## Records:

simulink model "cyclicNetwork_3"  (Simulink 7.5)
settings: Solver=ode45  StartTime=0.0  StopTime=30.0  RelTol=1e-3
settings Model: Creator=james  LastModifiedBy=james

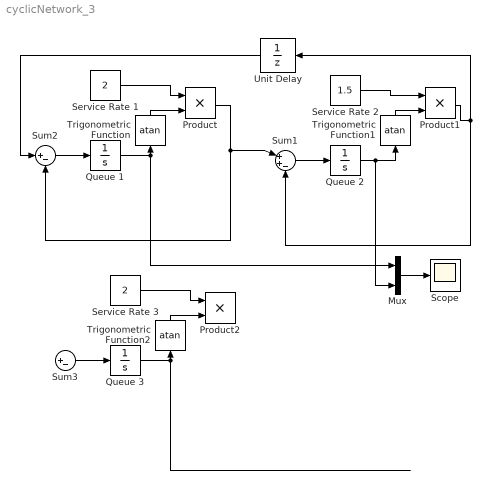
== system cyclicNetwork_3 ==
  Mux : Mux  Inputs=2
  Product : Product  OutDataType=fixdt(1, 16)  OutScaling=2^0  RndMeth=Zero
  Product1 : Product  OutDataType=fixdt(1, 16)  OutScaling=2^0  RndMeth=Zero
  Product2 : Product  OutDataType=fixdt(1, 16)  OutScaling=2^0  RndMeth=Zero
  Queue 1 : Integrator  InitialCondition=10  LimitOutput=on  LowerSaturationLimit=0
  Queue 2 : Integrator  LimitOutput=on  LowerSaturationLimit=0
  Queue 3 : Integrator  InitialCondition=10  LimitOutput=on  LowerSaturationLimit=0
  Scope : Scope
  Service Rate 1 : Constant  Value=2  OutDataType=fixdt(1, 16)  OutScaling=2^0
  Service Rate 2 : Constant  Value=1.5  OutDataType=fixdt(1, 16)  OutScaling=2^0
  Service Rate 3 : Constant  Value=2  OutDataType=fixdt(1, 16)  OutScaling=2^0
  Sum1 : Sum  Inputs=|++-  OutDataType=fixdt(1, 16)  OutScaling=2^0
  Sum2 : Sum  Inputs=|+-  OutDataType=fixdt(1, 16)  OutScaling=2^0
  Sum3 : Sum  Inputs=|+-  OutDataType=fixdt(1, 16)  OutScaling=2^0
  Trigonometric Function : Trigonometry  Operator=atan
  Trigonometric Function1 : Trigonometry  Operator=atan
  Trigonometric Function2 : Trigonometry  Operator=atan
  Unit Delay : UnitDelay  SampleTime=-1
  wires:
  Queue 2/1 -> Mux/2, Trigonometric Function1/1
  Sum1/1 -> Queue 2/1
  Product1/1 -> Unit Delay/1, Sum1/3
  Service Rate 1/1 -> Product/1
  Queue 1/1 -> Mux/1, Trigonometric Function/1
  Sum2/1 -> Queue 1/1
  Product/1 -> Sum2/2, Sum1/1
  Mux/1 -> Scope/1
  Unit Delay/1 -> Sum2/1
  Trigonometric Function/1 -> Product/2
  Service Rate 2/1 -> Product1/1
  Trigonometric Function1/1 -> Product1/2
  Service Rate 3/1 -> Product2/1
  Queue 3/1 -> Trigonometric Function2/1
  Sum3/1 -> Queue 3/1
  ? -> Sum3/2
  Trigonometric Function2/1 -> Product2/2

## Problem statement:
Reprint each of the records exactly and skip the images.

## Solution to the problem:
simulink model "cyclicNetwork_3"  (Simulink 7.5)
settings: Solver=ode45  StartTime=0.0  StopTime=30.0  RelTol=1e-3
settings Model: Creator=james  LastModifiedBy=james

== system cyclicNetwork_3 ==
  Mux : Mux  Inputs=2
  Product : Product  OutDataType=fixdt(1, 16)  OutScaling=2^0  RndMeth=Zero
  Product1 : Product  OutDataType=fixdt(1, 16)  OutScaling=2^0  RndMeth=Zero
  Product2 : Product  OutDataType=fixdt(1, 16)  OutScaling=2^0  RndMeth=Zero
  Queue 1 : Integrator  InitialCondition=10  LimitOutput=on  LowerSaturationLimit=0
  Queue 2 : Integrator  LimitOutput=on  LowerSaturationLimit=0
  Queue 3 : Integrator  InitialCondition=10  LimitOutput=on  LowerSaturationLimit=0
  Scope : Scope
  Service Rate 1 : Constant  Value=2  OutDataType=fixdt(1, 16)  OutScaling=2^0
  Service Rate 2 : Constant  Value=1.5  OutDataType=fixdt(1, 16)  OutScaling=2^0
  Service Rate 3 : Constant  Value=2  OutDataType=fixdt(1, 16)  OutScaling=2^0
  Sum1 : Sum  Inputs=|++-  OutDataType=fixdt(1, 16)  OutScaling=2^0
  Sum2 : Sum  Inputs=|+-  OutDataType=fixdt(1, 16)  OutScaling=2^0
  Sum3 : Sum  Inputs=|+-  OutDataType=fixdt(1, 16)  OutScaling=2^0
  Trigonometric Function : Trigonometry  Operator=atan
  Trigonometric Function1 : Trigonometry  Operator=atan
  Trigonometric Function2 : Trigonometry  Operator=atan
  Unit Delay : UnitDelay  SampleTime=-1
  wires:
  Queue 2/1 -> Mux/2, Trigonometric Function1/1
  Sum1/1 -> Queue 2/1
  Product1/1 -> Unit Delay/1, Sum1/3
  Service Rate 1/1 -> Product/1
  Queue 1/1 -> Mux/1, Trigonometric Function/1
  Sum2/1 -> Queue 1/1
  Product/1 -> Sum2/2, Sum1/1
  Mux/1 -> Scope/1
  Unit Delay/1 -> Sum2/1
  Trigonometric Function/1 -> Product/2
  Service Rate 2/1 -> Product1/1
  Trigonometric Function1/1 -> Product1/2
  Service Rate 3/1 -> Product2/1
  Queue 3/1 -> Trigonometric Function2/1
  Sum3/1 -> Queue 3/1
  ? -> Sum3/2
  Trigonometric Function2/1 -> Product2/2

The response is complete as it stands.